Pigeons and dogs were also used to carry messages during war. Pigeons were useful with their homing instincts, being able to bring them back to where the message came from – thus being able to return a response message to the correct place as necessary. Dogs were able to navigate trenches and battlefields with more ease and speed than a human soldier, which made them great at transporting messages this way. Dogs had other uses in war, such as; being guard and/or watch dogs, using their keen sense of smell to find injured soldiers on the battlefield and carry medical supplies, as ratters, and (my no means least) as companions.

Cats would also have been used for companionship, as well as for rodent control in the trenches and living areas of the soldiers, as well as on Naval ships. As rodents spread disease and deplete food supplies, cats were of great value in war-time.
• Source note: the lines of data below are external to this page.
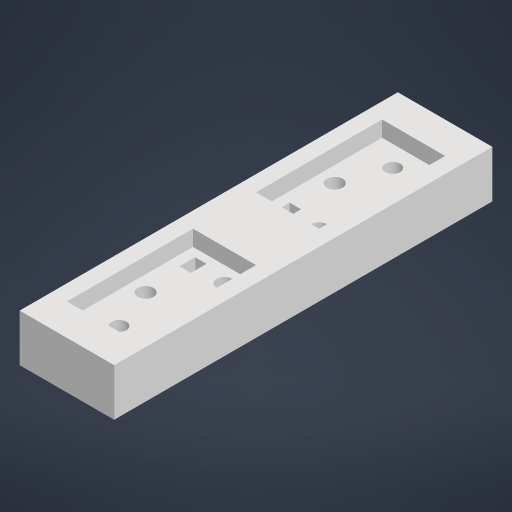
# Autodesk Inventor part: ExtendedSlottedCarrier
Saved by Autodesk Inventor 2024.1 (Build 281209000, 209)
## iProperties
Created: 2023-08-17
Part Number: ExtendedSlottedCarrier
Material: Generic
Document SubType Name: Modeling
Designer: Eleanor
Density: 1 g/cm^3
Appearance: Default
Author: Eleanor
Autodesk Inventor part; units mm, degrees
ref_plane "YZ Plane" through (0, 0, 0) normal (1, 0, 0) x (0, 1, 0)
ref_plane "XZ Plane" through (0, 0, 0) normal (0, 1, 0) x (-1, 0, 0)
ref_plane "XY Plane" through (0, 0, 0) normal (0, 0, 1) x (1, 0, 0)
sketch "Sketch1" plane through (0, 0, 0) normal (0, 1, 0) x (-1, 0, 0)
  line L0 (-6.35, 12.7) -> (6.35, 12.7)
  line L1 (6.35, 12.7) -> (6.35, -12.7)
  line L2 (6.35, -12.7) -> (-6.35, -12.7)
  line L3 (-6.35, -12.7) -> (-6.35, 12.7)
  line L4 (-6.35, 12.7) -> (6.35, -12.7) construction
  line L5 (6.35, 12.7) -> (-6.35, -12.7) construction
  line L6 (-9.525, 19.05) -> (9.525, 19.05)
  line L7 (9.525, 19.05) -> (9.525, -19.05)
  line L8 (9.525, -19.05) -> (-9.525, -19.05)
  line L9 (-9.525, -19.05) -> (-9.525, 19.05)
  line L10 (-9.525, 19.05) -> (9.525, -19.05) construction
  line L11 (9.525, 19.05) -> (-9.525, -19.05) construction
  line L12 (6.35, 15.875) -> (9.525, 15.875)
  line L13 (6.35, 15.875) -> (-9.525, 15.875)
  point P0 (0, 0)
  dimension "d0" = 12.7
  dimension "d1" = 25.4
  constraints: 28 end point, 4 midpoint, 4 parallel, 4 point on line, 3 perpendicular, 2 horizontal
  measures "d0" distance of L1.end L2.end
  measures "d1" distance of L0.end L1.end
extrude "Extrusion1" add sketch "Sketch1" along normal blind 3.175
sketch "Sketch2" plane through (0, 3.175, 0) normal (0, 1, 0) x (1, 0, 0)
  circle A0 centre (3.175, -9.525) radius 1.5875
  circle A1 centre (-3.175, 0) radius 1.5875
  circle A2 centre (0, 8.5298) radius 1.5
  line L0 (-4.318, -7.9375) -> (-2.032, -7.9375)
  line L1 (-2.032, -7.9375) -> (-2.032, -11.1125)
  line L2 (-2.032, -11.1125) -> (-4.318, -11.1125)
  line L3 (-4.318, -11.1125) -> (-4.318, -7.9375)
  line L4 (-4.318, -7.9375) -> (-2.032, -11.1125) construction
  line L5 (-2.032, -7.9375) -> (-4.318, -11.1125) construction
  line L6 (-9.525, 19.05) -> (-9.525, -19.05) projected
  line L7 (9.525, -19.05) -> (-9.525, -19.05)
  line L8 (-9.525, -19.05) -> (-9.525, 19.05)
  line L9 (-9.525, 19.05) -> (9.525, 19.05)
  line L10 (9.525, 19.05) -> (9.525, -19.05)
  line L11 (9.525, -19.05) -> (-9.525, 19.05) construction
  line L12 (-9.525, -19.05) -> (9.525, 19.05) construction
  point P0 (0, 0)
  point P1 (0, 0)
  dimension "d4" = 3.175
  dimension "d5" = 3.175
  dimension "d6" = 3
  dimension "d8" = 3.175
  constraints: 24 end point, 4 parallel, 3 centre point, 2 horizontal, 2 midpoint, 2 perpendicular
  measures "d4" diameter of A0
  measures "d5" diameter of A1
  measures "d6" diameter of A2
  measures "d8" distance of L2.end L0.start
extrude "Extrusion2" add sketch "Sketch2" along normal blind 3.175
sketch "Sketch3" plane through (0, 6.35, 0) normal (0, 1, 0) x (1, 0, 0)
  line L0 (-9.525, 19.05) -> (-9.525, -19.05) projected
  line L1 (9.525, -19.05) -> (-9.525, -19.05)
  line L2 (-9.525, -19.05) -> (-9.525, 19.05)
  line L3 (-9.525, 19.05) -> (9.525, 19.05)
  line L4 (9.525, 19.05) -> (9.525, -19.05)
  line L5 (9.525, -19.05) -> (-9.525, 19.05) construction
  line L6 (-9.525, -19.05) -> (9.525, 19.05) construction
  line L7 (6.35, -12.7) -> (-6.35, -12.7)
  line L8 (-6.35, -12.7) -> (-6.35, 12.7)
  line L9 (-6.35, 12.7) -> (6.35, 12.7)
  line L10 (6.35, 12.7) -> (6.35, -12.7)
  line L11 (6.35, -12.7) -> (-6.35, 12.7) construction
  line L12 (-6.35, -12.7) -> (6.35, 12.7) construction
  point P0 (0, 0)
  constraints: 24 end point, 4 midpoint, 4 parallel, 2 horizontal, 2 perpendicular
extrude "Extrusion3" add sketch "Sketch3" along normal blind 3.175
mirror "Mirror3" about plane through (-9.525, 0, 19.05) normal (0, 0, 1) of "Extrusion1", "Extrusion2", "Extrusion3"
body "Solid1"

Although you probably wouldn’t have thought it, slugs were also of great value during war. How? Well, slugs have the ability to detect gas before humans. They close up their breathing pores and compress their body to protect themselves, and survive the gas. As such, soldiers would take a “Slug Brigade” with them, and when they saw the slugs react to gas, they put on their gas masks before the gas reached harmful levels, and many lives were saved.

Thanks to brave men and women on the battlefields, and back home; thanks to the many animals playing their part on the battlefields, and back home; thanks to the sacrifices made by so many, we have the lives we live today.

Please check out my November 2014 post Remembrance to see other animals that have been used in wars throughout history.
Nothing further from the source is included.